Black Library produces fun books that are meant to get the reader to go "oh, that was neat", but are they great works of literature? No.... hell no. That just isn't what they are meant to be. I love BL, their book are great, but they are not now, nor will they ever be, great works of literature. Thats just simply not what they are their for.

P.S. There is no way in fuck they will ever even get close enough to kiss the feet of something like the Lord of The Rings. Their writers are nowhere close to that adept.


----------



## Roninman (Jul 23, 2010)

Bane_of_Kings said:


> Okay, here's my top 10.
> 
> _Prospero Burns_
> _A Thousand Sons_
> ...


Think this was thread about real literature and what readers consider more serious and mature read and not just top 10. Even though i agree with your list those are great books but only few of those i consider close to real literature.
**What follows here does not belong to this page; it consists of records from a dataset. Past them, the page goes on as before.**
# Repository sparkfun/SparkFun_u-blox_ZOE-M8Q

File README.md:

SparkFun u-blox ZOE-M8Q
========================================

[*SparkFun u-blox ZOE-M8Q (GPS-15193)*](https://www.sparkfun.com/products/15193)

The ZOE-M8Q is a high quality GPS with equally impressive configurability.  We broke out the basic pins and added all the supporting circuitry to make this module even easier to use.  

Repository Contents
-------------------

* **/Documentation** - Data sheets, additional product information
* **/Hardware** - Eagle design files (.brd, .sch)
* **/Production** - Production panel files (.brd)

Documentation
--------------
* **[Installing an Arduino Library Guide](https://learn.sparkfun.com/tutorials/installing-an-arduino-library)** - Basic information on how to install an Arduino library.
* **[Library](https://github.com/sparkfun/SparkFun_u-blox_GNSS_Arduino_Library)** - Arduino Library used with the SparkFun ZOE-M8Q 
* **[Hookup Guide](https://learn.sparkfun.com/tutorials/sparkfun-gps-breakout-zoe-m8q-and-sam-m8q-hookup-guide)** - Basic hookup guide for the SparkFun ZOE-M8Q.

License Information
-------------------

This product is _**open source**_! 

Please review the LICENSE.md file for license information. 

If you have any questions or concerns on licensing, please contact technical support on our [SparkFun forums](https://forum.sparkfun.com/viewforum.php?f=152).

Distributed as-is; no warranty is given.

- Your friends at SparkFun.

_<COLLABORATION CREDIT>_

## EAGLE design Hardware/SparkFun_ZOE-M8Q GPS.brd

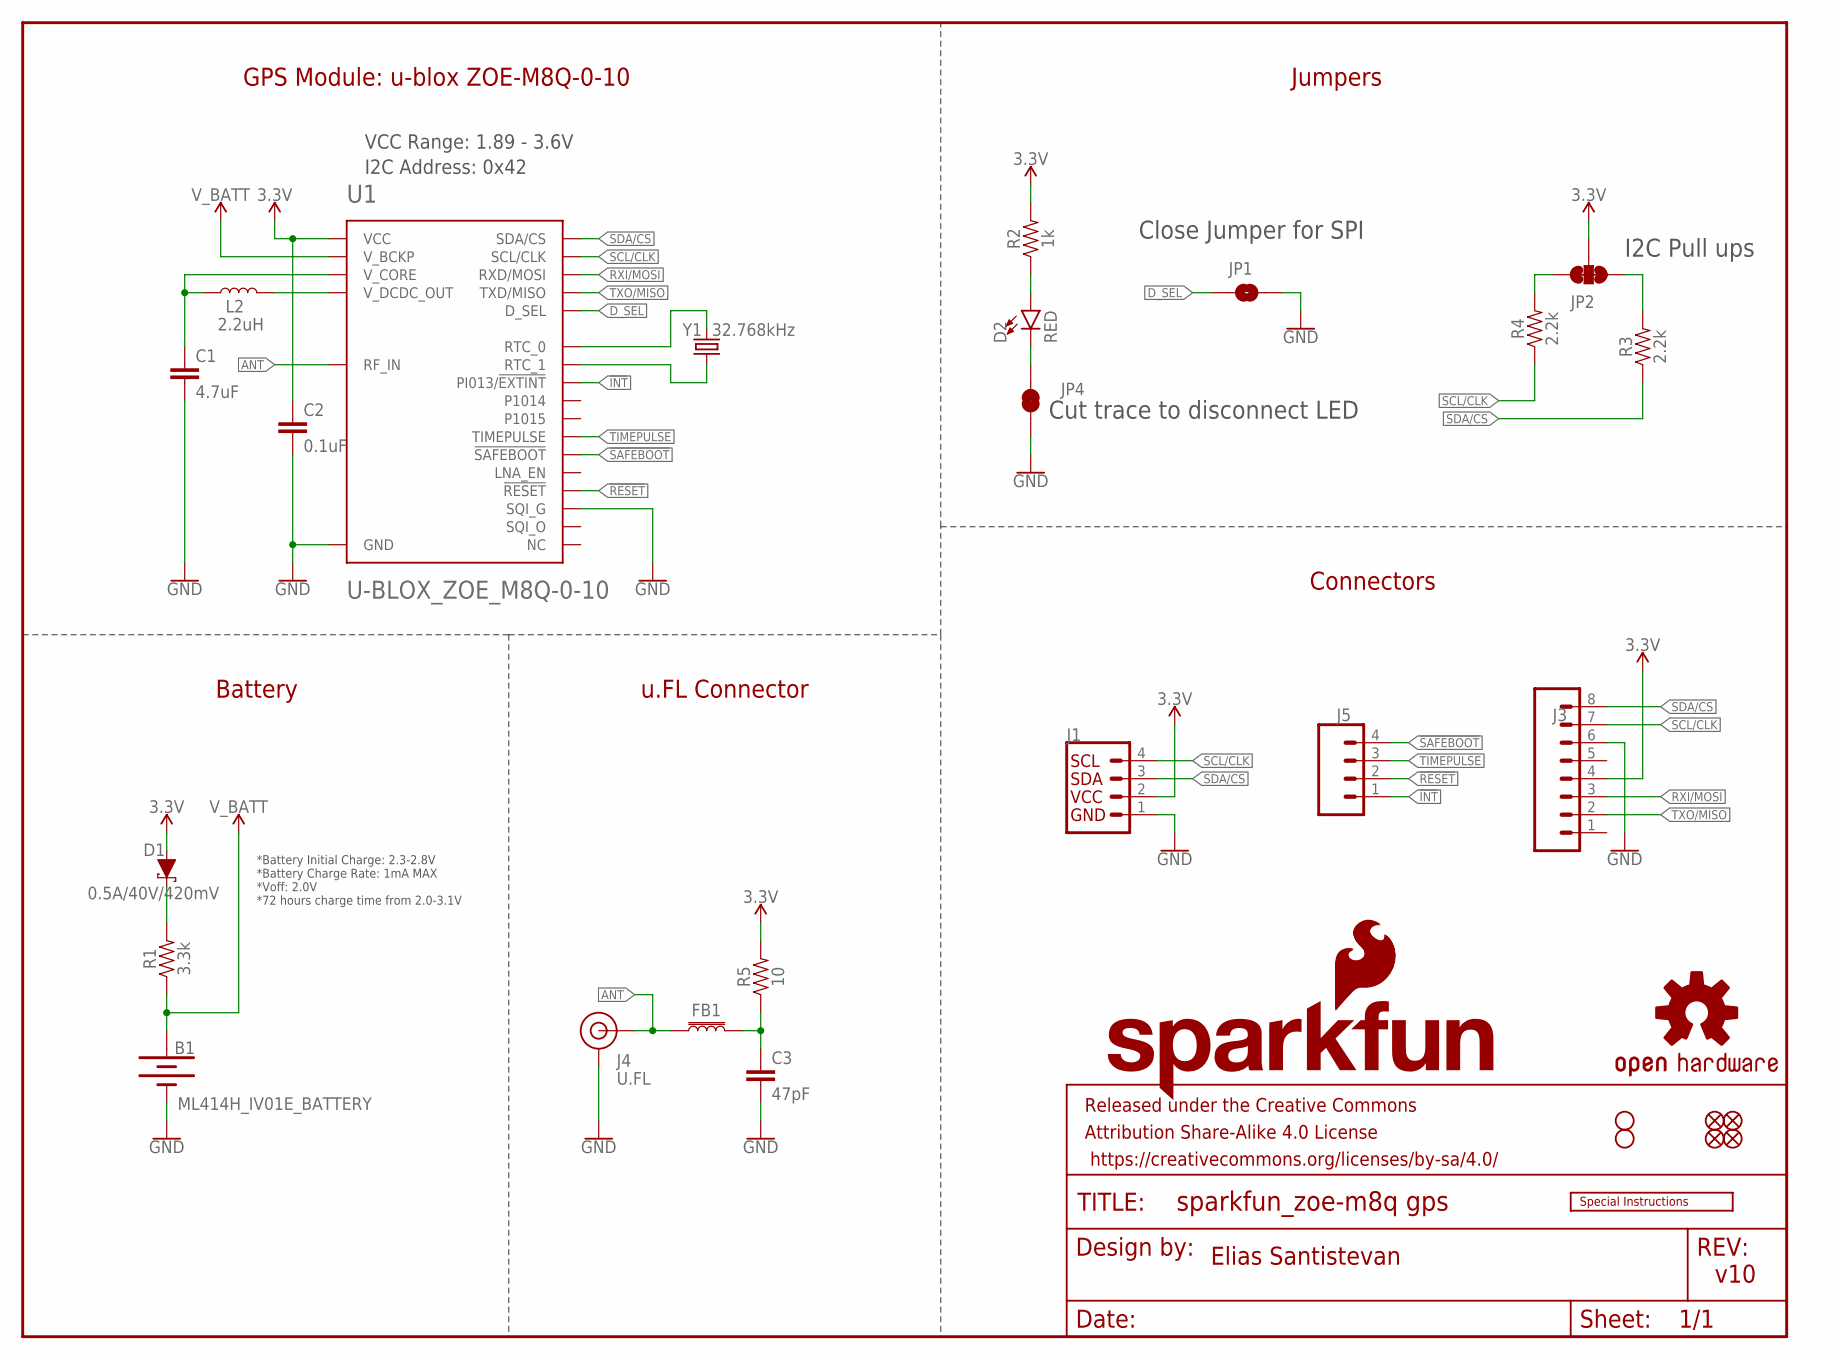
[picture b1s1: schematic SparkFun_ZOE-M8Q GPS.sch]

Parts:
B1: ML414H_IV01E_BATTERY; ML414H_IV01E
C1: 4.7uF; 0603
C2: 0.1uF; 0603
C3: 47pF; 0603
D1: 0.5A/40V/420mV; SOD-323
D2: RED; LED-0603
FB1: FERRITE_BEAD-120_OHM-0402; 0402
FD1, FD2, FD3, FD4: FIDUCIALUFIDUCIAL; FIDUCIAL-MICRO
FRAME1: FRAME-LETTER; CREATIVE_COMMONS
H2, H3: STAND-OFFTIGHT; STAND-OFF-TIGHT
J1: QWIIC_CONNECTORJS-1MM; JST04_1MM_RA
J3: CONN_08NO_SILK_FEMALE_PTH; 1X08_NO_SILK
J4: U.FL
J5: CONN_041X04_NO_SILK; 1X04_NO_SILK
JP1: JUMPER-SMT_2_NO_SILK; SMT-JUMPER_2_NO_SILK
JP2: JUMPER-SMT_3_2-NC_TRACE_SILK; SMT-JUMPER_3_2-NC_TRACE_SILK
JP4: JUMPER-SMT_2_NC_TRACE_SILK; SMT-JUMPER_2_NC_TRACE_SILK
L2: 2.2uH; 0806
LOGO1: SFE_LOGO_NAME_FLAME.1_INCH; SFE_LOGO_NAME_FLAME_.1
LOGO2: OSHW-LOGOS; OSHW-LOGO-S
LOGO3: SFE_LOGO_FLAME.1_INCH; SFE_LOGO_FLAME_.1
LOGO4: SPECIAL_INSTRUCTIONS-ORDERING; ORDERING_INSTRUCTIONS
R1: 3.3k; 0603
R2: 1k; 0603
R3, R4: 2.2k; 0603
R5: 10; 0603
U1: U-BLOX_ZOE_M8Q-0-10; UBLOX_ZOE_M8-0-10
Y1: 32.768kHz; CRYSTAL-SMD-3.2X1.5MM

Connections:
3.3V: C2.1, D1.A, J1.2, J3.4, JP2.2, R2.2, R5.2, U1.24 (VCC), U1.25 (VCC)
!INT: J5.1, U1.43 (PI013/!EXTINT)
!RESET: J5.2, U1.20 (!RESET)
!SAFEBOOT: J5.4, U1.34 (!SAFEBOOT)
ANT: FB1.1, J4.FEED (SIGNAL), U1.4 (RF_IN)
D_SEL: JP1.1, U1.48 (D_SEL)
GND: B1.-, C1.2, C2.2, C3.2, J1.1, J3.6, J4.1 (GND), J4.2 (GND), JP1.2, JP4.1, U1.1 (GND), U1.3 (GND), U1.5 (GND), U1.7 (GND), U1.8 (GND), U1.9 (GND), U1.10 (GND), U1.11 (GND), U1.12 (GND), U1.17 (GND), U1.23 (GND), U1.29 (SQI_G), U1.31 (SQI_G), U1.37 (GND), U1.38 (GND), U1.39 (GND), U1.40 (GND), U1.41 (GND), U1.44 (GND), U1.46 (SQI_G), U1.47 (SQI_G), U1.49 (GND)
unnamed: JP2.1, R3.2
unnamed: D1.C, R1.2
unnamed: JP2.3, R4.2
unnamed: D2.A, R2.1
unnamed: C1.1, L2.1, U1.27 (V_CORE)
unnamed: L2.2, U1.26 (V_DCDC_OUT)
unnamed: D2.C, JP4.2
unnamed: C3.1, FB1.2, R5.1
unnamed: U1.18 (RTC_0), Y1.P$2 (2)
unnamed: U1.19 (RTC_1), Y1.P$1 (1)
RXI/MOSI: J3.3, U1.22 (RXD/MOSI)
SCL/CLK: J1.4, J3.7, R4.1, U1.32 (SCL/CLK)
SDA/CS: J1.3, J3.8, R3.1, U1.2 (SDA/CS)
TIMEPULSE: J5.3, U1.33 (TIMEPULSE)
TXO/MISO: J3.2, U1.21 (TXD/MISO)
V_BATT: B1.+, R1.1, U1.16 (V_BCKP)

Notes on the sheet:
v10
Elias Santistevan
GPS Module: u-blox ZOE-M8Q-0-10
Battery
Connectors
Jumpers
Close Jumper for SPI
I2C Pull ups
Cut trace to disconnect LED
u.FL Connector
*Battery Initial Charge: 2.3-2.8V *Battery Charge Rate: 1mA MAX *Voff: 2.0V *72 hours charge time from 2.0-3.1V
VCC Range: 1.89 - 3.6V
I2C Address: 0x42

Ian Watson's books comes quite close to this.

And guys here were right about Prospero burns, i liked this book and even though i dont think its not near top of HH series, its plotwise more intriguing than most of them. I dont mind that most of BL books aint real literature, but after reading last 10 BL books i had to jump outside of 40K universe atleast for little while.

And gen.ahab above is right. If Lord of the Rings can be given perfect 10 as book (even though paper-thin characters), some reviewers here should think what they score for a book. On their scale if they would post review of Tolkien's book it should get 15/10


----------



## Bane_of_Kings (Oct 28, 2009)

Roninman said:


> *Think this was thread about real literature and what readers consider more serious and mature read and not just top 10. *Even though i agree with your list those are great books but only few of those i consider close to real literature. Ian Watson's books comes quite close to this.


Yes, I know that. That's why I included the ones that in my opinon are the best lierature wise. I should've probably stated that in my original post, but my favourite top ten would have no doubt included others that are different to this list.



Roninman said:


> And gen.ahab above is right. If Lord of the Rings can be given perfect 10 as book (even though paper-thin characters), some reviewers here should think what they score for a book. On their scale if they would post review of Tolkien's book it should get 15/10


I should've also probably stated that during my reviews I have a different rating scale for Black Library books and non-black library books, I might point out.


----------



## Doelago (Nov 29, 2009)

Well in my opinion the Gaunts Ghosts are to Sci-Fi what Lord of the Rings is to fantasy, so yeah.


----------



## Androxine Vortex (Jan 20, 2010)

My top favorite BL books

1 The First Heretic
2 The Thousand Sons
3 Legion

I have only read the HH series but I am currently reading Storm of Iron.
Next up is Grey Knights Omn and Titanicus


----------



## polynike (Aug 23, 2008)

Doelago said:


> Well in my opinion the Gaunts Ghosts are to Sci-Fi what Lord of the Rings is to fantasy, so yeah.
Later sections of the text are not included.